(Collection entries)
· · · ·

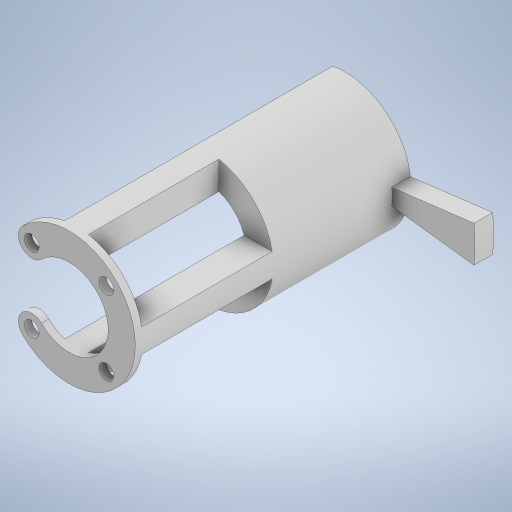
# Autodesk Inventor part: stop_rotador_1
Saved by Autodesk Inventor 2024 (Build 280153000, 153)
## iProperties
Created: 2023-03-25
Part Number: stop_rotador_1
Material: Generic
Document SubType Name: Modeling
Designer: ferna
Density: 1 g/cm^3
Appearance: Default
Author: ferna
Autodesk Inventor part; units mm, degrees
ref_plane "YZ Plane" through (0, 0, 0) normal (1, 0, 0) x (0, 1, 0)
ref_plane "XZ Plane" through (0, 0, 0) normal (0, 1, 0) x (-1, 0, 0)
ref_plane "XY Plane" through (0, 0, 0) normal (0, 0, 1) x (1, 0, 0)
sketch "Sketch1" plane through (0, 0, 0) normal (0, 0, 1) x (1, 0, 0)
  circle A0 centre (0, 0) radius 10
  circle A1 centre (0, 0) radius 18.4566
  circle A2 centre (10, -10) radius 2
  circle A3 centre (10, 10) radius 2
  circle A4 centre (-10, 10) radius 2
  circle A5 centre (-10, -10) radius 2
  circle A6 centre (-10, -10) radius 2
  circle A7 centre (-10, -10) radius 4.1421
  circle A8 centre (0, 0) radius 10
  circle A9 centre (-10, 10) radius 2
  circle A10 centre (-10, 10) radius 4.1421
  circle A11 centre (0, 0) radius 10.5
  circle A12 centre (-10, -10) radius 3.6421
  circle A13 centre (-10, 10) radius 3.6421
  line L0 (-7.4246, 7.4246) -> (-10, 10)
  line L1 (-10, 10) -> (-11.4142, 11.4142)
  line L2 (-11.4142, 11.4142) -> (-12.5754, 12.5754)
  circle A14 centre (0, 0) radius 17.7843
  point P0 (-7.4246, -7.4246)
  point P1 (-12.5754, -12.5754)
  dimension "d0" = 21
  constraints: 12 centre point, 6 coincident, 6 end point, 2 point on circle, 2 tangent, 1 point on line, 11 other
extrude "Extrusion1" add sketch "Sketch1" along normal blind 2 contours A11 A13 A14 A10 | A10 A14 A7 A11 | A7 A14 A12 A11 | L0 A4 L2 A13 | A13 L2 A4 L0 | A12 picked at (-6.0591, 10.307) picked at (12.8553, 5.0845) picked at (-6.0591, -10.307)
sketch "Sketch2" plane through (0, 0, 0) normal (0, 0, -1) x (-1, 0, 0)
  arc A0 (12.5754, -12.5754) -> (7.4246, -7.4246) centre (10, -10) ccw projected
  arc A1 (7.4246, 7.4246) -> (7.4246, -7.4246) centre (0, 0) ccw projected
  arc A2 (7.4246, 7.4246) -> (12.5754, 12.5754) centre (10, 10) ccw projected
  arc A3 (12.5754, 12.5754) -> (12.5754, -12.5754) centre (0, 0) ccw projected
  circle A4 centre (10, 10) radius 2 projected
  circle A5 centre (10, -10) radius 2 projected
  circle A6 centre (-10, -10) radius 2 projected
  circle A7 centre (-10, 10) radius 2 projected
  arc A8 (7.4246, 7.4246) -> (7.4246, -7.4246) centre (0, 0) ccw projected
  line L0 (-10, 3.2016) -> (-17.4937, 3.2016)
  arc A9 (12.5754, 12.5754) -> (12.5754, -12.5754) centre (0, 0) ccw projected
  line L1 (-10, -3.2016) -> (-17.4937, -3.2016)
  line L2 (-3.2016, -10) -> (-3.2016, -17.4937)
  line L3 (3.2016, -10) -> (3.2016, -17.4937)
  line L4 (3.2016, 10) -> (3.2016, 17.4937)
  line L5 (-3.2016, 17.4937) -> (-3.2016, 10)
  constraints: 12 end point, 12 point on circle, 4 point on line, 2 parallel, 1 horizontal, 1 perpendicular
extrude "Extrusion2" add sketch "Sketch2" along normal blind 10 contours A3 L2 A1 L3 | A3 L0 A1 L1 | A3 L4 A1 L5
sketch "Sketch4" plane through (0, 0, -10) normal (0, 0, -1) x (-1, 0, 0)
  arc A0 (3.2016, 10) -> (-3.2016, 10) centre (0, 0) ccw projected
  line L0 (3.2016, 10) -> (3.2016, 17.4937) projected
  arc A1 (3.2016, 17.4937) -> (-3.2016, 17.4937) centre (0, 0) ccw projected
  line L1 (-3.2016, 17.4937) -> (-3.2016, 10) projected
  arc A2 (-3.2016, -10) -> (3.2016, -10) centre (0, 0) ccw projected
  line L2 (-3.2016, -10) -> (-3.2016, -17.4937) projected
  arc A3 (-3.2016, -17.4937) -> (3.2016, -17.4937) centre (0, 0) ccw projected
  line L3 (3.2016, -17.4937) -> (3.2016, -10) projected
  circle A4 centre (-10, -10) radius 2 projected
  line L4 (-3.2016, -17.4937) -> (-3.2016, -10) projected
  arc A5 (-10, -3.2016) -> (-3.2016, -10) centre (0, 0) ccw projected
  line L5 (-10, -3.2016) -> (-17.4937, -3.2016) projected
  arc A6 (-17.4937, -3.2016) -> (-3.2016, -17.4937) centre (0, 0) ccw projected
  arc A7 (-10, 3.2016) -> (-10, -3.2016) centre (0, 0) ccw projected
  line L6 (-10, 3.2016) -> (-17.4937, 3.2016) projected
  arc A8 (-17.4937, 3.2016) -> (-17.4937, -3.2016) centre (0, 0) ccw projected
  line L7 (-17.4937, -3.2016) -> (-10, -3.2016) projected
  line L8 (-17.4937, 3.2016) -> (-10, 3.2016) projected
  arc A9 (-3.2016, 10) -> (-10, 3.2016) centre (0, 0) ccw projected
  line L9 (-3.2016, 10) -> (-3.2016, 17.4937) projected
  arc A10 (-3.2016, 17.4937) -> (-17.4937, 3.2016) centre (0, 0) ccw projected
  circle A11 centre (-10, 10) radius 2 projected
extrude "Extrusion3" add sketch "Sketch4" along normal blind 62 contours A0 L1 A1 L0 | A9 L6 A10 L1 | A7 L5 A8 L6 | A5 L2 A6 L5 | A2 L3 A3 L2 | A4 | A11
sketch "Sketch5" plane through (0, 0, -72) normal (0, 0, -1) x (-1, 0, 0)
  line L0 (0, 0) -> (-40, 0)
  arc A0 (-40, 0) -> (-39.7018, -4.8748) centre (0, 0) ccw
  line L1 (0, 0) -> (-39.7018, -4.8748) construction
  line L2 (0, 0) -> (-40, 0) construction
  arc A1 (-39.7018, 4.8748) -> (-40, 0) centre (0, 0) ccw
  line L3 (-39.7018, 4.8748) -> (0, 0)
  line L4 (0, 0) -> (-39.7018, -4.8748)
  arc A2 (3.2016, 17.4937) -> (3.2016, -17.4937) centre (0, 0) ccw projected
  point P0 (-17.6517, -2.1674)
  point P1 (-17.6517, 2.1674)
  dimension "d7" = 40
  dimension "d8" = 7
  constraints: 10 end point, 5 point on circle, 2 centre point, 2 coincident, 1 collinear, 1 concentric, 1 horizontal
  measures "d7" distance of L0.start L0.end
  measures "d8" angle of L2 L1
extrude "Extrusion4" add sketch "Sketch5" against normal blind 5 contours A2 L4 A0 L0 | L0 A1 L3 A2
sketch "Sketch6" plane through (0, 0, -10) normal (0, 0, 1) x (1, 0, 0)
  line L0 (10, 3.2016) -> (17.4937, 3.2016) projected
  arc A0 (17.4937, 3.2016) -> (3.2016, 17.4937) centre (0, 0) ccw projected
  line L1 (3.2016, 17.4937) -> (3.2016, 10) projected
  arc A1 (10, 3.2016) -> (3.2016, 10) centre (0, 0) ccw projected
  line L2 (3.2016, -10) -> (3.2016, -17.4937) projected
  arc A2 (3.2016, -17.4937) -> (17.4937, -3.2016) centre (0, 0) ccw projected
  line L3 (17.4937, -3.2016) -> (10, -3.2016) projected
  arc A3 (3.2016, -10) -> (10, -3.2016) centre (0, 0) ccw projected
extrude "Extrusion5" cut sketch "Sketch6" against normal blind 25
body "Solid1"

· · · ·

■ **What to do**:
Give the lines again word for word, from the start of the records to the line holding "Autodesk Inventor part; units mm, degrees", both included, and leave out any picture.

■ **Output**:
# Autodesk Inventor part: stop_rotador_1
Saved by Autodesk Inventor 2024 (Build 280153000, 153)
## iProperties
Created: 2023-03-25
Part Number: stop_rotador_1
Material: Generic
Document SubType Name: Modeling
Designer: ferna
Density: 1 g/cm^3
Appearance: Default
Author: ferna
Autodesk Inventor part; units mm, degrees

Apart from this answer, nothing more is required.